This week the Seattle Rep (with the Seattle Children’s Theatre) will host the world premiere of Fancy Dancer by the Indigenous playwright Larissa FastHorse. The autobiographical play tells the story of young, half-Lakota, half-white Lara, who yearns to be a ballet dancer after seeing famous Indigenous ballerina, Maria Tallchief.
While FastHorse wrote the part for another to portray, she’s getting an opportunity here to perform it herself, allowing her to confirm that the production is as complete as she had hoped. She’s also “sharing” the role with Burgandi Trejo Phoenix (of Yaqui/Yoeme heritage). Phoenix is not an understudy, FastHorse explained: “Since this production is shared between the Rep and SCT, there are 10 shows a week, and one person couldn’t possibly perform that much.” So FastHorse also gets a chance to see how another actor can portray her life in the way she wishes.
This is an all-ages story. FastHorse said while it started as a children’s tale, it’s “aged up.” “You can bring the whole family,” she said. “I love multigenerational theater where the whole family can share the experience together.”
Dancer to writer
Regarding her career as a dancer, FastHorse noted that she performed “all the things” at that time, like snowflakes and flowers in Balanchine-style choreography, moving later to more prominent roles and “guesting” with a duet partner at various smaller companies. Injuries inevitably led to ending her short but intense career as a hardworking dancer.
“Leaving ballet was devastating,” she said. “You’re so young, and, in ballet, I was old (29-30). You focus everything on dance since you were a kid. It’s your entire identity. Thankfully, there was an organization to help dancers get ready for the transition.
“I tell a lot of that story of becoming a ballerina in this new play. I don’t want to give it away. Dance informs who I am as a playwright. I often have to fight for movement-based scenes in my plays with producers because they don’t understand what they are.

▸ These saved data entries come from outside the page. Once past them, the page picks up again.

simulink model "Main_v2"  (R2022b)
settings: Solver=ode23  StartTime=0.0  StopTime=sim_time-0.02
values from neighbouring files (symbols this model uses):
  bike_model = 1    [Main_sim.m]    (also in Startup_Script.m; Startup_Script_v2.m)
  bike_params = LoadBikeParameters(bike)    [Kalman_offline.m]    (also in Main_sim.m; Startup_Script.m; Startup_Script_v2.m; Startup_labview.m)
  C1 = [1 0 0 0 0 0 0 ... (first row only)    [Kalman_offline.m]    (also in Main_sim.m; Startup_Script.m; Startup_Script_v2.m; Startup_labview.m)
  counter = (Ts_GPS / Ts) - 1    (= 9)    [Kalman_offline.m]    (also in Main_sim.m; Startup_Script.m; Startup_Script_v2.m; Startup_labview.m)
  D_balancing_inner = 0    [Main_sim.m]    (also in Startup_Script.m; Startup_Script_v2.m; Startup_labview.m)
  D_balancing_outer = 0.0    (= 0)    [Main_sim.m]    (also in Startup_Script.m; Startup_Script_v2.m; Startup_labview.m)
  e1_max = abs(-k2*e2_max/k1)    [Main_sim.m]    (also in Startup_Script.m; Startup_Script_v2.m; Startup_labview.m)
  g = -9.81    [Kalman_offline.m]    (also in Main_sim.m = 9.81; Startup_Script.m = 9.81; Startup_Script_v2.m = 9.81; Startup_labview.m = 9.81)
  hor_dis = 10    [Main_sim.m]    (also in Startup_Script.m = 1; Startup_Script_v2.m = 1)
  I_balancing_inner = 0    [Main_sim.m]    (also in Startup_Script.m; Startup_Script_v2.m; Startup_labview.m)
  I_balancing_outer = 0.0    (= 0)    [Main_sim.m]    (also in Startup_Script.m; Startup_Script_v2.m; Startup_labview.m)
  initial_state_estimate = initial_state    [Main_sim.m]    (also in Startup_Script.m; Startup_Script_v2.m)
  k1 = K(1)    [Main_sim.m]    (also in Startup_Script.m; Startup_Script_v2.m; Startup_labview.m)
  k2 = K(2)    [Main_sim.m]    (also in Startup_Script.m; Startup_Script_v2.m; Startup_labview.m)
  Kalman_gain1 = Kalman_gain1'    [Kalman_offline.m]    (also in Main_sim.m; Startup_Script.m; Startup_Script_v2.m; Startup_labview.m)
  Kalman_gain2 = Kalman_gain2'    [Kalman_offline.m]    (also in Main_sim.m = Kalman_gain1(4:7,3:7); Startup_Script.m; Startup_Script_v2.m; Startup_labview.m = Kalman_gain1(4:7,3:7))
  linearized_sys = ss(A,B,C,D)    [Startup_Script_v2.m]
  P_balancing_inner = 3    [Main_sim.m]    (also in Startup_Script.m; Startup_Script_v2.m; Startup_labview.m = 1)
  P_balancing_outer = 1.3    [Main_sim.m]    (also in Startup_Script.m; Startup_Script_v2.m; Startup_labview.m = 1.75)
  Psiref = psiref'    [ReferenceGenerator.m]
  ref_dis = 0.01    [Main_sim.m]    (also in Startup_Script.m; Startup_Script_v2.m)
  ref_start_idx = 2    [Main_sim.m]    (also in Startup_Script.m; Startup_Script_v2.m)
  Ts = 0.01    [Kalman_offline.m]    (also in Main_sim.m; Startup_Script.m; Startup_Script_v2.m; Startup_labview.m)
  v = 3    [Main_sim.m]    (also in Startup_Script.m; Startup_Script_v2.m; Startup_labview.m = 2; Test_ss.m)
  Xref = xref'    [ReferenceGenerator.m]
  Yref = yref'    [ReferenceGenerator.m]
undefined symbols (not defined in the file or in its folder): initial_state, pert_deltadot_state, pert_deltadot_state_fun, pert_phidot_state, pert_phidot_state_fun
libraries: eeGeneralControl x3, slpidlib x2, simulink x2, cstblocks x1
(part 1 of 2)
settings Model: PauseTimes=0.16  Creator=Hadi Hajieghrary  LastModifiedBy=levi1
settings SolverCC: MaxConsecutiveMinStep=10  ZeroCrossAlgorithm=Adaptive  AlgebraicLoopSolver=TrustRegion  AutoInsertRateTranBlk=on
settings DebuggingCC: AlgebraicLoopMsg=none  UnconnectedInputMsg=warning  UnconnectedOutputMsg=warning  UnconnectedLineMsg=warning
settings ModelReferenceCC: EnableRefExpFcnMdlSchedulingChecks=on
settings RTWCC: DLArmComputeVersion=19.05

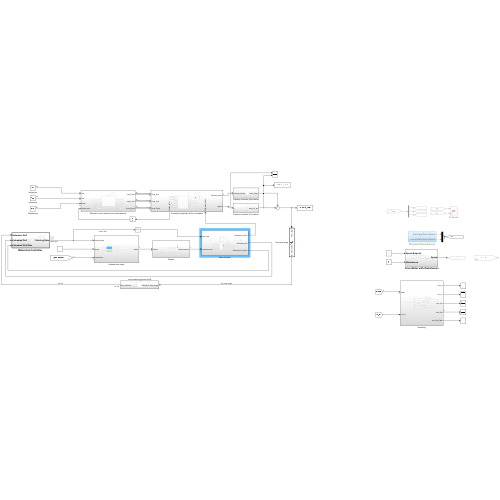
[thumbnail: Simulink's stored preview of the top-level diagram]
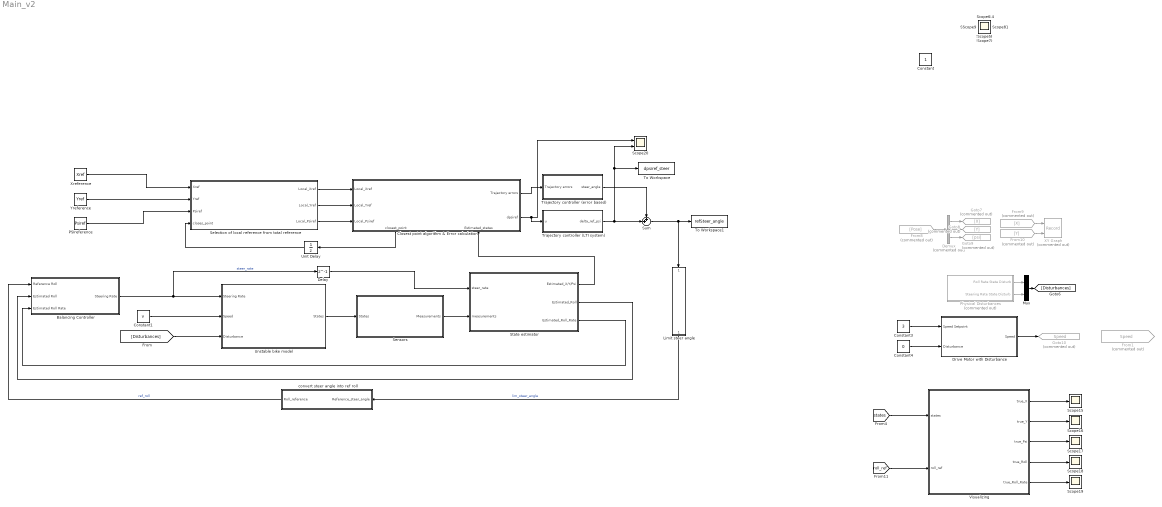
== system Main_v2 ==
  "Balancing Controller " : Subsystem  TreatAsAtomicUnit=on  SystemSampleTime=Ts
      settings: MinAlgLoopOccurrences=on
  Closest point algorithm & Error calculation : Subsystem
      settings: PortSchema="{\"entries\":[{\"content\":{\"sides\":[{\"content\":{\"connectorIds\":[\"In1\",\"In2\",\"In3\"]},\"type\":\"ConnectorPlacement.EquallySpacedRectSide\",\"uuid\":\"cc846df4-97c1-4e38-a551-63d96742d514\"},{\"content\":{\"connectorIds\":[\"Out1\",\"Out2\"],\"side\":\"RIGHT\"},\"type\":\"ConnectorPlacement.EquallySpacedRectSide\",\"uuid\":\"926eeee4-c51a-40d9-a9a1-df7a0c76cd55\"},{\"content\":{\"connectorIds\":[],\"side\":\"TOP\"},\"type\":\"ConnectorPlacement.EquallySpacedRectSide\",\"uuid\":\"e902e63c-5309-44b2-99e1-76b44c06d1f2\"},{\"content\":{\"connectorIds\":[\"Out3\",\"In4\"],\"side\":\"BOTTOM\"},\"type\":\"ConnectorPlacement.EquallySpacedRectSide\",\"uuid\":\"f92d60b4-b11f-4907-83c4-1907c5b6c496\"}]},\"type\":\"ConnectorPlacement.EquallySpacedConnector\",\"uuid\":\"17b67b4e-0a47-44a6-bf11-0cf8a9b1982c\"}],\"packageUris\":[\"http://schema.mathworks.com/mf0/Connector/R2020b\"],\"version\":\"1.0\"}"
  Constant1 : Constant  Value=v
  Constant3 : Constant  Value=3
  Constant4 : Constant  Value=0
  Delay : Delay  DelayLength=1  SampleTime=Ts
  Demux : Demux  Commented=on  Outputs=3
  Drive Motor with Disturbance : Subsystem
  From1 : From  Commented=on  GotoTag=Speed  TagVisibility=global
  From10 : From  Commented=on  GotoTag=Y
  From8 : From  Commented=on  GotoTag=Pose
  From9 : From  Commented=on  GotoTag=X
  Goto10 : Goto  Commented=on  GotoTag=Speed  TagVisibility=global
  Goto7 : Goto  Commented=on  GotoTag=X
  Goto8 : Goto  Commented=on  GotoTag=Y
  Goto9 : Goto  Commented=on  GotoTag=psi
  Limit steer angle : MATLAB Function  TreatAsAtomicUnit=on
  Mux : Mux  Inputs=2
  PSIreference : Constant  Value=Psiref
  Physical Disturbances : Subsystem  Commented=on
  Scope{,1..19} (20 alike) : Scope
  Scope20 : Scope  NumInputPorts=2
  Selection of local reference from total reference : Subsystem
  Sensors : Subsystem
  State estimator : Subsystem
  Sum : Sum  Inputs=++|
  To Workspace : ToWorkspace  VariableName=dpsiref_steer  SaveFormat=Timeseries  SampleTime=-1
  To Workspace1 : ToWorkspace  VariableName=refSteer_angle  SaveFormat=Timeseries  SampleTime=-1
  Trajectory controller (LTI system) : Subsystem
  Trajectory controller (error based) : Subsystem
  Unit Delay : UnitDelay  InitialCondition=ref_start_idx  SampleTime=Ts  HasFrameUpgradeWarning=on
  Unstable bike model : Subsystem
  Visualizing : Subsystem
  XY Graph : Record  Commented=on  FileSettingsInternal="{\"entries\":[{\"content\":{\"excelSettings\":{\"content\":{},\"type\":\"Streamout.ExcelSettings\"}},\"type\":\"Streamout.FileSettingStorage\",\"uuid\":\"82b19030-816e-4949-ae29-c4c1f1632771\"}],\"packageUris\":[\"http://schema.mathworks.com/mf0/streamout_blocks/R2020a\"],\"version\":\"1.0\"}"  Layout=[1 1]  SignalsInternal="{\"entries\":[{\"content\":{\"signals\":[]},\"type\":\"RecordBlkView.InputSignals\",\"uuid\":\"cc5346bf-f4f9-4ee2-bd9b-070395d24a3d\"}],\"packageUris\":[\"http://schema.mathworks.com/mf0/streamout_blocks/R2020a\"],\"version\":\"1.0\"}"  VisualizationBindings="{\"xyplotplugin\":{\"info\":[{\"series\":[],\"subplotID\":1}]}}"  CompatibilityTag=XY
  Xreference : Constant  Value=Xref
  Yreference : Constant  Value=Yref
  convert steer angle into ref roll : Subsystem
  Constant : Constant  IOType=siggen
  wires:
  From8/1 -> Demux/1
  Demux/1 -> Goto7/1
  Demux/2 -> Goto8/1
  Demux/3 -> Goto9/1
  From10/1 -> XY Graph/2
  From9/1 -> XY Graph/1
  Physical Disturbances/1(Roll Rate State Disturb) -> Mux/1
  Physical Disturbances/2(Steering Rate State Disturb) -> Mux/2
  Mux/1 -> [Disturbances]
  Drive Motor with Disturbance/1(Speed) -> Goto10/1
  Constant3/1 -> Drive Motor with Disturbance/1(Speed Setpoint)
  Constant4/1 -> Drive Motor with Disturbance/2(Disturbance)
  "Balancing Controller "/1(Steering Rate) -> Delay/1, Unstable bike model/1(Steering Rate)  "steer_rate"
  Selection of local reference from total reference/1(Local_Xref) -> Closest point algorithm & Error calculation/1(Local_Xref)
  Closest point algorithm & Error calculation/3(closest_point) -> Unit Delay/1
  Unit Delay/1 -> Selection of local reference from total reference/4(closes_point)
  Trajectory controller (error based)/1(steer_angle) -> Sum/1
  Closest point algorithm & Error calculation/2(dpsiref) -> Trajectory controller (LTI system)/1(u), Scope20/1
  Sum/1 -> Limit steer angle/1(steer_angle), To Workspace1/1
  Limit steer angle/1(lim_steer_angle) -> convert steer angle into ref roll/1(Reference_steer_angle)  "lim_steer_angle"
  convert steer angle into ref roll/1(Roll_reference) -> "Balancing Controller "/1(Reference Roll)  "ref_roll"
  [Disturbances] -> Unstable bike model/3(Disturbance)
  Sensors/1(Measurements) -> State estimator/2(measurements)
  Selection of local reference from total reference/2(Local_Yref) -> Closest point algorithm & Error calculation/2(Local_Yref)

“Fortunately, in this show, choreographer Price Suddarth [a former principal dancer at Pacific Northwest Ballet] and director Chay Yew understand that beautifully. We’re not pretending you’re not seeing a woman in her fifties. It’s me looking back and dancing my feelings about those moments.”
Pathway to Broadway
FastHorse’s most well-known work (so far) is Thanksgiving Play, in which four white actors devise a play about the holiday, trying so hard to be culturally appropriate and getting it all wrong. In 2023, it made her the first known female Native American playwright produced on Broadway, at Second Stage Theater. In 2024, Peter Pan: The Broadway Musical, with a new adapted book by FastHorse, began an international tour.
First produced in Portland in 2018 by Dámaso Rodríguez, now artistic director of the Rep, Thanksgiving Play has become widely staged. Rodríguez also provided initial funding to support the writing process.
“Those plays helped raise the millions of dollars that it takes to mount a play on Broadway,” FastHorse said. “And after I stop rehearsing this play, I’ll stay in Seattle to write my next Broadway play!
“It’s been amazing to get to know the city. It’s welcoming. … I grew up dreaming of PNB as one of the premier ballet companies in the world. The other thing I love in Seattle is that the Indigenous scene is so strong, with art and events. The Rep is having other programming — pop-ups with Eighth Generation in the lobby, and events with Tidelands [Native Arts Gallery], and these were already in place. Not because I’m here. It's been really moving to me!”
Lakota attitudes
Asked if the Lakota tribe has a particular attitude about LGBTQIA+ people, FastHorse said, “It’s more simple and more complicated. People are free to be themselves, and specifically we have ‘two- spirit’ in Lakota culture, and those people are the most sacred, because they possess male and female power. After colonization, that attitude got a bit lost, but it’s been beautiful to see that respected again and [those people] seen as the leaders they should be.
“In 2023, I toured a play [Wicoun, pronounced wih-shoon] that was about … gender identity, about when humans embrace both sides, they become fully themselves, like with superpowers.”
Would FastHorse rather be known just as “a writer,” as opposed to “an Indigenous writer”?
“In the beginning,” she said, “I considered changing my last name to Hogan, my husband’s name, so it doesn’t sound Indigenous, and people could just read my writing and think of it as that. But I realized that it’s a privilege. Only a million people can call themselves Lakota, and we can tell these stories. It has given me more opportunities. It has become my mission. I write about other Indigenous people too, because they trust me to talk about these issues. I’m honored to be known as Native American playwright.”